[TASK DESCRIPTION]
Could you show all lines in the entries below that contain the string "extrude"?

(Data excerpts)
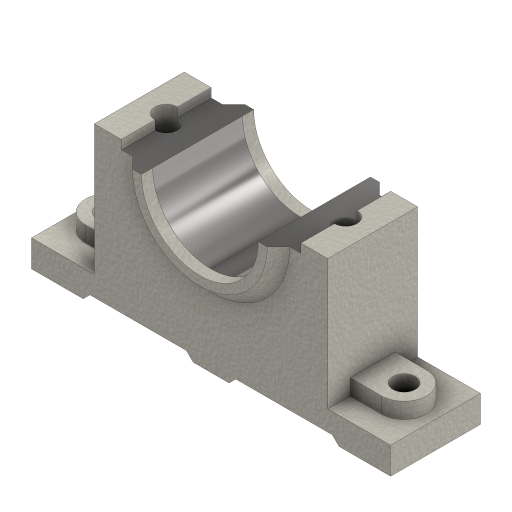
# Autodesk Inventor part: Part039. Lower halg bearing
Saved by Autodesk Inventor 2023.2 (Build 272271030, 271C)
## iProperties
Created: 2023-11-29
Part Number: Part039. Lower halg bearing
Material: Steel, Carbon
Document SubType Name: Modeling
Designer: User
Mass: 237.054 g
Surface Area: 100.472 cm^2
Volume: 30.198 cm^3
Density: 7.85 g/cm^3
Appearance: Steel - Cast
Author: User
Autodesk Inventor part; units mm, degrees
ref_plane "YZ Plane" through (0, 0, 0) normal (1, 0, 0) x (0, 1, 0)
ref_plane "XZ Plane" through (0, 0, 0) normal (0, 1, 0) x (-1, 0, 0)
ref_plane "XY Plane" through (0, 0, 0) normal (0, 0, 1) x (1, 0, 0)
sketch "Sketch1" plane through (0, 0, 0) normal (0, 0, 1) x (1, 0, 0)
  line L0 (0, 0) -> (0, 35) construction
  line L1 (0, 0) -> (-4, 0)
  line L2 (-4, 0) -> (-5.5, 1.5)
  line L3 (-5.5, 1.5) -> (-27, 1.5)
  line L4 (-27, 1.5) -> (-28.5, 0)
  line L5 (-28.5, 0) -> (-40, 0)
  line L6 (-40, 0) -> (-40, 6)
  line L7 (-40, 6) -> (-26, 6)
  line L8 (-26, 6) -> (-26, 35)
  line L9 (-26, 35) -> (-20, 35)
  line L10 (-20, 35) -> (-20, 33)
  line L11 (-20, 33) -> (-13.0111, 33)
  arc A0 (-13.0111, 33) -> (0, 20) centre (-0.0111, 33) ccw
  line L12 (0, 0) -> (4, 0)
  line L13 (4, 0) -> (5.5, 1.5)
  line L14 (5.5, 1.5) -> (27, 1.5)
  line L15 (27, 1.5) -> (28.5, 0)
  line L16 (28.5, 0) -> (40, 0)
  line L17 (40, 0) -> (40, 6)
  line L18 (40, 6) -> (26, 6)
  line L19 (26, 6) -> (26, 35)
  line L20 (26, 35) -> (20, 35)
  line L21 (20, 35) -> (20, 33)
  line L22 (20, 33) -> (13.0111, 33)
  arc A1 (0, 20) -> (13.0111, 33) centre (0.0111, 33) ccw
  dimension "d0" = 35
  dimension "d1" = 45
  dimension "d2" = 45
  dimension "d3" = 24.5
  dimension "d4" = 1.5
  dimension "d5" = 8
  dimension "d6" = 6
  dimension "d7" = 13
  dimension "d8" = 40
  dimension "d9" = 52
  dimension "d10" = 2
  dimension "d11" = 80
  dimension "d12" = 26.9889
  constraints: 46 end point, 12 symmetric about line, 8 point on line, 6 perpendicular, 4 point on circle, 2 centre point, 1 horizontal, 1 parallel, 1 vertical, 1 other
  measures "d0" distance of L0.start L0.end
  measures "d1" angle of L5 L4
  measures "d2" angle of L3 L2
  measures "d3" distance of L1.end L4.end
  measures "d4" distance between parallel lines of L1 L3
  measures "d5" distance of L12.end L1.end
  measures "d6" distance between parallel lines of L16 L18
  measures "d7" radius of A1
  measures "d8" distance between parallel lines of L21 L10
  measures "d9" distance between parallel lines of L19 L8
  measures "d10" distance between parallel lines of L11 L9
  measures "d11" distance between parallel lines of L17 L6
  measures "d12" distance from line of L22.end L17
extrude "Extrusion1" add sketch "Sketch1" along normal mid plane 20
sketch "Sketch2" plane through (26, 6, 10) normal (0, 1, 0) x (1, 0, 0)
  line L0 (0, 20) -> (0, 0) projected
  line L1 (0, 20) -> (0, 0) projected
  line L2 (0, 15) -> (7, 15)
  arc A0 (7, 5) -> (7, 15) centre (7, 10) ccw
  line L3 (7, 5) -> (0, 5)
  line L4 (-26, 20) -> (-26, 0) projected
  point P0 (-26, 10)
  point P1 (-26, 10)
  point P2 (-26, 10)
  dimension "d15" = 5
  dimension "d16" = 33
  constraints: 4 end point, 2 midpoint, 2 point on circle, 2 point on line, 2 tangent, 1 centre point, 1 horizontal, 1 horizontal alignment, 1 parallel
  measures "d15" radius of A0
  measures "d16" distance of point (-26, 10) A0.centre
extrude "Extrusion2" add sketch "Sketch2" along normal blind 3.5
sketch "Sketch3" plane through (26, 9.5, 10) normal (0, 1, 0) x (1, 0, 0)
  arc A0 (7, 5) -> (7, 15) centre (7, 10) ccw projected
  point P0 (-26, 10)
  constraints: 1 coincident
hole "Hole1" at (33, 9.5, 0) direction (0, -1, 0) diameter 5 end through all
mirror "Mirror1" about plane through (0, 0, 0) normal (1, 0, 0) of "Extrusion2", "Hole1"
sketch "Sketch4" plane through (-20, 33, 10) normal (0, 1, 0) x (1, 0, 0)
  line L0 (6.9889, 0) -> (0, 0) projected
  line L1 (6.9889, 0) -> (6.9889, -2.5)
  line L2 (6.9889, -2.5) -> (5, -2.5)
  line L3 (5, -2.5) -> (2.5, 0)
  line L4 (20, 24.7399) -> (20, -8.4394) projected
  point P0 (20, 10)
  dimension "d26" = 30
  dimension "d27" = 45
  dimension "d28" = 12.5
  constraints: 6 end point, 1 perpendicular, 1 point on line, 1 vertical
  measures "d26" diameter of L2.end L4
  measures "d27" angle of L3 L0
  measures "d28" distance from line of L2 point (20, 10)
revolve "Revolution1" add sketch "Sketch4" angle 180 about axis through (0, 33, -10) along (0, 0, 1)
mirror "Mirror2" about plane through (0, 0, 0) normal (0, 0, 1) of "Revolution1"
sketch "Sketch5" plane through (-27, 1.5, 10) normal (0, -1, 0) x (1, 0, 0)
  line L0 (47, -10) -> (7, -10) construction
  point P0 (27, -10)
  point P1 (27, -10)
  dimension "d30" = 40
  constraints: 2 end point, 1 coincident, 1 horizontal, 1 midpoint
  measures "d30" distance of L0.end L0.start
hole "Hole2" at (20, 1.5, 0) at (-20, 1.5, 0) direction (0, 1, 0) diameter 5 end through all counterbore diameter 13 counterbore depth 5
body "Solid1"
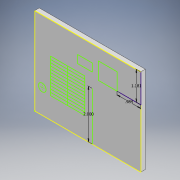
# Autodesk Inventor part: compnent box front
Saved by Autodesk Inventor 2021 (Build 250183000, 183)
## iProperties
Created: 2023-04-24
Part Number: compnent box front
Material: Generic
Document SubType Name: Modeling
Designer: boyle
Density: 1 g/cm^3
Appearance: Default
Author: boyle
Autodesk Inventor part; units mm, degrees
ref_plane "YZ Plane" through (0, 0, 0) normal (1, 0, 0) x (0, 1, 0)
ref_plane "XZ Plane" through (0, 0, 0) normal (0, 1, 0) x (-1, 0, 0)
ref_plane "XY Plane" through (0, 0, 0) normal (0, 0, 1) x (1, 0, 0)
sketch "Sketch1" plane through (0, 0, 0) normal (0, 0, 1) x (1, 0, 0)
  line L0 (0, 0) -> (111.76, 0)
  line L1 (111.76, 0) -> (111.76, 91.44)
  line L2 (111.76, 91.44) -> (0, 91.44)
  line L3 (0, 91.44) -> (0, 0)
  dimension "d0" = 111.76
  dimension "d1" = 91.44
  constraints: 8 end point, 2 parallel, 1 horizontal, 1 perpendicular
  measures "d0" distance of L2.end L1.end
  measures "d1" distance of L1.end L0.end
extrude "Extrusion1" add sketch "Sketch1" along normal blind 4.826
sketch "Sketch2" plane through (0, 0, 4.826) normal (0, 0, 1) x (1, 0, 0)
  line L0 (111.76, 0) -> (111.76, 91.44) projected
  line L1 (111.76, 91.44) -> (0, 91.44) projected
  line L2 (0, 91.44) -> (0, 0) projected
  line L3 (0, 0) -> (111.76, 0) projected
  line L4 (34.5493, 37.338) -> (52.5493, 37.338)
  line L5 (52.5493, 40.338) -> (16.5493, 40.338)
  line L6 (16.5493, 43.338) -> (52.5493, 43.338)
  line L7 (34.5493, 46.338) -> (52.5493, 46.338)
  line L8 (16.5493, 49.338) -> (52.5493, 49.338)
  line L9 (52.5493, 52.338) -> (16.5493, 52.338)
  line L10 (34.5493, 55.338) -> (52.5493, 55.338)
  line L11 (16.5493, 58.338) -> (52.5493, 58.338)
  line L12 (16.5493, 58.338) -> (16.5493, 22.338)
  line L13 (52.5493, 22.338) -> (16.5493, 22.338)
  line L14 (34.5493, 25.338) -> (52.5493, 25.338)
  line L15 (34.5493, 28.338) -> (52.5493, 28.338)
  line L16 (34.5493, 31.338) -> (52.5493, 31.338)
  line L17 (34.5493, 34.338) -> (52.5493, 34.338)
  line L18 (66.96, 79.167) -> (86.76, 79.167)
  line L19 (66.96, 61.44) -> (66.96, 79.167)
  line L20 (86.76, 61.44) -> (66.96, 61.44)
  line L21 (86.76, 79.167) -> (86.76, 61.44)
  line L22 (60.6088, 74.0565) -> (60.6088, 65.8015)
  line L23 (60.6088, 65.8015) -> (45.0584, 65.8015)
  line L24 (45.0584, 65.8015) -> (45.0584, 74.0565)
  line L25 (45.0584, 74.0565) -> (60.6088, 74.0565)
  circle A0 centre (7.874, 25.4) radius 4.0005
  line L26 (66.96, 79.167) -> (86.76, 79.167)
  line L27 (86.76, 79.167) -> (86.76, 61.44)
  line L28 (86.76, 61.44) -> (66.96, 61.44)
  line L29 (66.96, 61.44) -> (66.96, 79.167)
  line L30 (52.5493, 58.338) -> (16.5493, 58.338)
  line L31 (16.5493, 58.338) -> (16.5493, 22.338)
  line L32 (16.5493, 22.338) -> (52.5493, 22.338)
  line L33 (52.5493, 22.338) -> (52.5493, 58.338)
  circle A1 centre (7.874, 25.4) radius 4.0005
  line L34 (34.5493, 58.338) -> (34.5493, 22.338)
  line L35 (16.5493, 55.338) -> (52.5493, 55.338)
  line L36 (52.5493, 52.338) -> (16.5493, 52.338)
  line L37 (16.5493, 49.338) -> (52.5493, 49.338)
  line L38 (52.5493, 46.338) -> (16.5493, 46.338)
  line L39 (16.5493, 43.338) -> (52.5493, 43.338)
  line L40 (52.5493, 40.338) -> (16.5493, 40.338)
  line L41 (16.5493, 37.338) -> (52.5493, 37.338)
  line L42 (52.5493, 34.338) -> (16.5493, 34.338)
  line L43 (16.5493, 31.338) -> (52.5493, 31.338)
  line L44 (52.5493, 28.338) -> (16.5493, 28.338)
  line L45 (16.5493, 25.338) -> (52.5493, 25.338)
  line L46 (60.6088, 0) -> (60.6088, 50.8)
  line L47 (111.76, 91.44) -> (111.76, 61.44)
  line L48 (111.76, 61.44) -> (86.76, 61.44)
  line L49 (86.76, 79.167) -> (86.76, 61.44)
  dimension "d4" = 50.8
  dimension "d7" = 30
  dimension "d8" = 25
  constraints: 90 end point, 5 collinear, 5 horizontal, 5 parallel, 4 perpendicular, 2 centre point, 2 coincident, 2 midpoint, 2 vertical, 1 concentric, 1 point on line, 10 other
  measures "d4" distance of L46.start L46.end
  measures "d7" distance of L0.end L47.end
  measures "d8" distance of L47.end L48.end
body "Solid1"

[TASK ANSWER]
extrude "Extrusion1" add sketch "Sketch1" along normal mid plane 20
extrude "Extrusion2" add sketch "Sketch2" along normal blind 3.5
extrude "Extrusion1" add sketch "Sketch1" along normal blind 4.826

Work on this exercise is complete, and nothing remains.